Your task: In the entries below, print exactly the lines from the first through the one with "#6=PRODUCT_DEFINITION_FORMATION('','',#4);", both included, and none of the pictures.

*** Begin section ***

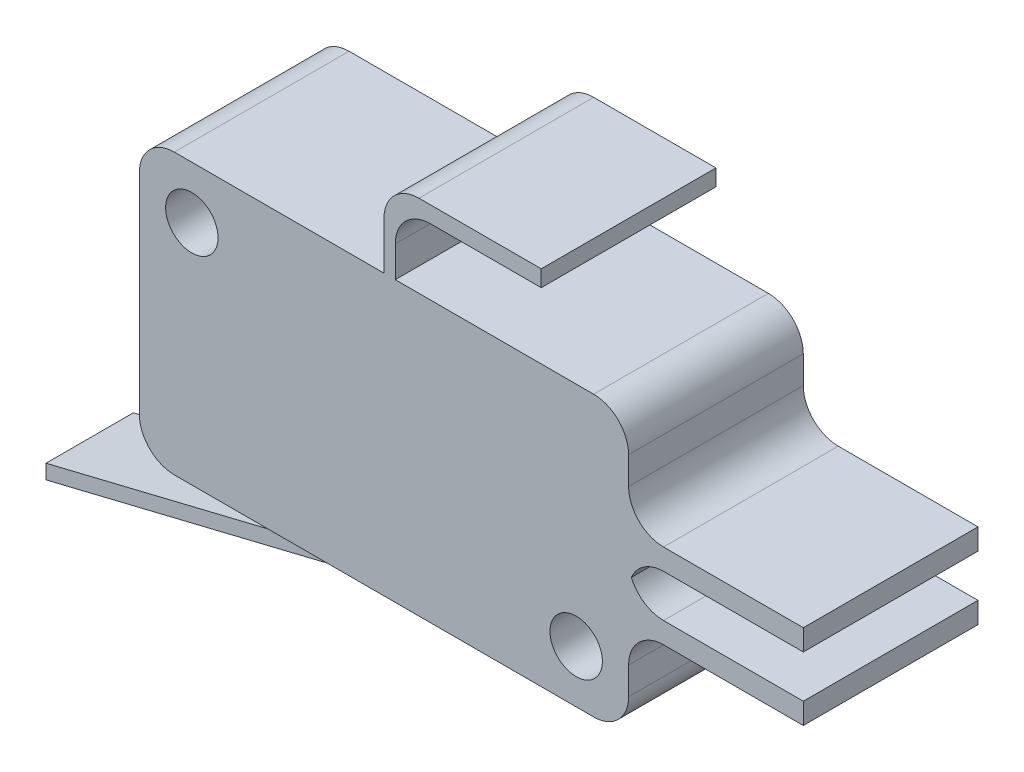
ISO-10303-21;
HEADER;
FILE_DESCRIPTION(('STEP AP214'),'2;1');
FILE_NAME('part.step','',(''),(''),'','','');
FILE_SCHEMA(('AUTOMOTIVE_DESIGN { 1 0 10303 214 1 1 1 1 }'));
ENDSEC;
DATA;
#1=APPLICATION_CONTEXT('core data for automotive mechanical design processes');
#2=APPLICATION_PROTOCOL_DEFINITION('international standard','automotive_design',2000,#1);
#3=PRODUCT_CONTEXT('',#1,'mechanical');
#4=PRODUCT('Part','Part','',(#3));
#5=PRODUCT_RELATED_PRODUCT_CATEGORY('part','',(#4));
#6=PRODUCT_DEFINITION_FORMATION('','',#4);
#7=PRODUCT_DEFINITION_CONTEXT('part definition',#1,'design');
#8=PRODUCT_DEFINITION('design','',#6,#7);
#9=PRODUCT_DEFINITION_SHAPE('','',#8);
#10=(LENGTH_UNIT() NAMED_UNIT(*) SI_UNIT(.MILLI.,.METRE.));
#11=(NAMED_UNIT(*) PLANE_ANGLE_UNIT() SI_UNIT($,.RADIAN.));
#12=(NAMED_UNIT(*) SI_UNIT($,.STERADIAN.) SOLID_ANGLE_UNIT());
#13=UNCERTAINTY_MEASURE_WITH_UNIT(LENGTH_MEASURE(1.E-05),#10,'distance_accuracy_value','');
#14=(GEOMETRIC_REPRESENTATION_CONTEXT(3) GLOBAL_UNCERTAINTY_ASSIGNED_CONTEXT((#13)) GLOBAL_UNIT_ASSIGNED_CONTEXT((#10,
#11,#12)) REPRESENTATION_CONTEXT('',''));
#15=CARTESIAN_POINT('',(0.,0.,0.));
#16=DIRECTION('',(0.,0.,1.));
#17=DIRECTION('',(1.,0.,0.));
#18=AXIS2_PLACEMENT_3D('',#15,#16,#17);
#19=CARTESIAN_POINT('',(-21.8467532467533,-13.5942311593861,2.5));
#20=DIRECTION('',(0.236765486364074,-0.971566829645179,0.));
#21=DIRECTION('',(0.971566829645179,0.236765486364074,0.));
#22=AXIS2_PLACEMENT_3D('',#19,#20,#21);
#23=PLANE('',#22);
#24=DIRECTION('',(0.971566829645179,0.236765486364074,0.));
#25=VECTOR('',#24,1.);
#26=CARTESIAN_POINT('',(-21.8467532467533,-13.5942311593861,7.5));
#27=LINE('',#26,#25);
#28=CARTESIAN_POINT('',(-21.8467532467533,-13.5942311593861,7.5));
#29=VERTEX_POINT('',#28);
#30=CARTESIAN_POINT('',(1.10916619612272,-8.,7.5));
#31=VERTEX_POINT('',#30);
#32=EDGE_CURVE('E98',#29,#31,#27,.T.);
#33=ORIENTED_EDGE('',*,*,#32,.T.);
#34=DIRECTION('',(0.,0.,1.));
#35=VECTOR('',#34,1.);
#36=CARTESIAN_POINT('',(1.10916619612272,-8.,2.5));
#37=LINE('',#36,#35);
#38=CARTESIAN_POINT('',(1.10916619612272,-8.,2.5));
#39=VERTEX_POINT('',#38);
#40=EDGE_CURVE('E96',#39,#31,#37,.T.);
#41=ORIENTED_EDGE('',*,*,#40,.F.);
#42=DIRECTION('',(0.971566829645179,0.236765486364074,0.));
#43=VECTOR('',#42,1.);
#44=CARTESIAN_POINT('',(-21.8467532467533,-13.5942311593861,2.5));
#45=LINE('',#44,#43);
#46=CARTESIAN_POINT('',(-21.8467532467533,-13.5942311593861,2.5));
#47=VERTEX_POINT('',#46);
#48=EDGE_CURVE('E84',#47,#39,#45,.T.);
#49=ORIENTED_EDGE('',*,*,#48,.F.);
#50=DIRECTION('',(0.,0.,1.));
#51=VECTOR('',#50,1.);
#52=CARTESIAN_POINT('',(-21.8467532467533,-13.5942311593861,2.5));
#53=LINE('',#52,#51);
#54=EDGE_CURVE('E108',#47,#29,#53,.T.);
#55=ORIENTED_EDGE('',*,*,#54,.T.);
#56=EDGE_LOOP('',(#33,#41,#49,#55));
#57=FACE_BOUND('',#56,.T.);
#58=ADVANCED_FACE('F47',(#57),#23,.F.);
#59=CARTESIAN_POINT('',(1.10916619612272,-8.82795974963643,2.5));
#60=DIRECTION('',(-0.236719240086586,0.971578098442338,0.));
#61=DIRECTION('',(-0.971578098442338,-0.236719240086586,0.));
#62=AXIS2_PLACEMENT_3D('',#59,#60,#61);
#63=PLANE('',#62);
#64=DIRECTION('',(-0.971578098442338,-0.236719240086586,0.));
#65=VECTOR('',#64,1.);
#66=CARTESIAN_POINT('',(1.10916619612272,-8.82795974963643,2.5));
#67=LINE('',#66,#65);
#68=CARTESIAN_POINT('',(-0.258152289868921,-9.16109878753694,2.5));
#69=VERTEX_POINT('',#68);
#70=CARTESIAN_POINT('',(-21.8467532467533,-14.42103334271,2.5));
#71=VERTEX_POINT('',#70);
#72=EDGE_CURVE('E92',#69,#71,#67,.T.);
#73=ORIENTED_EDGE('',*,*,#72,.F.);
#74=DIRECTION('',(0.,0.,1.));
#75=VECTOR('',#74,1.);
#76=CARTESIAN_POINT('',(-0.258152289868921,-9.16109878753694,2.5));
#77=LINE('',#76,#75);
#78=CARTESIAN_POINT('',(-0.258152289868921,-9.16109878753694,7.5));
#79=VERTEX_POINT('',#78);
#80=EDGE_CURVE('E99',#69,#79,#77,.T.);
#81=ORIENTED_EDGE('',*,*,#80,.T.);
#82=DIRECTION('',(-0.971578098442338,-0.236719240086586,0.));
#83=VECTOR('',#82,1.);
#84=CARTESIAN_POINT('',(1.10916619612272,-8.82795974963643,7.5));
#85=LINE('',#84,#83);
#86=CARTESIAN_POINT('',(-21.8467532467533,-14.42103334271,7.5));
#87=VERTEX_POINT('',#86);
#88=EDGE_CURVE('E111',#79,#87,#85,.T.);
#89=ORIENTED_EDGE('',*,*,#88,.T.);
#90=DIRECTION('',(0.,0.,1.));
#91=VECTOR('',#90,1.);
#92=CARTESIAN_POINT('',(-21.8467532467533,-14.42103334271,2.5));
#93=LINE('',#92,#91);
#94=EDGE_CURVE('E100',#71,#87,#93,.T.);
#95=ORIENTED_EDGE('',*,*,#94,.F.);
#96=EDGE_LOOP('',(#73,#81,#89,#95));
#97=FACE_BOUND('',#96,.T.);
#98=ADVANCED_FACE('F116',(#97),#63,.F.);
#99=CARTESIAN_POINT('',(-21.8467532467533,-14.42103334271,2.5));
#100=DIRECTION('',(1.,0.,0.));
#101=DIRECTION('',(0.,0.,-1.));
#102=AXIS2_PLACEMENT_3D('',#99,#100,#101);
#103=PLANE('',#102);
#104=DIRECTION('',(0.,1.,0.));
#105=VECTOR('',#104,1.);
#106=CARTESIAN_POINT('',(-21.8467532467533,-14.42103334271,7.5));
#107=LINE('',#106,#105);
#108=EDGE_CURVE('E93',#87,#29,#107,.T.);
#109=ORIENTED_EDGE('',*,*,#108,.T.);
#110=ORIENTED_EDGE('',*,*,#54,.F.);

*** End section ***

Your solution:
ISO-10303-21;
HEADER;
FILE_DESCRIPTION(('STEP AP214'),'2;1');
FILE_NAME('part.step','',(''),(''),'','','');
FILE_SCHEMA(('AUTOMOTIVE_DESIGN { 1 0 10303 214 1 1 1 1 }'));
ENDSEC;
DATA;
#1=APPLICATION_CONTEXT('core data for automotive mechanical design processes');
#2=APPLICATION_PROTOCOL_DEFINITION('international standard','automotive_design',2000,#1);
#3=PRODUCT_CONTEXT('',#1,'mechanical');
#4=PRODUCT('Part','Part','',(#3));
#5=PRODUCT_RELATED_PRODUCT_CATEGORY('part','',(#4));
#6=PRODUCT_DEFINITION_FORMATION('','',#4);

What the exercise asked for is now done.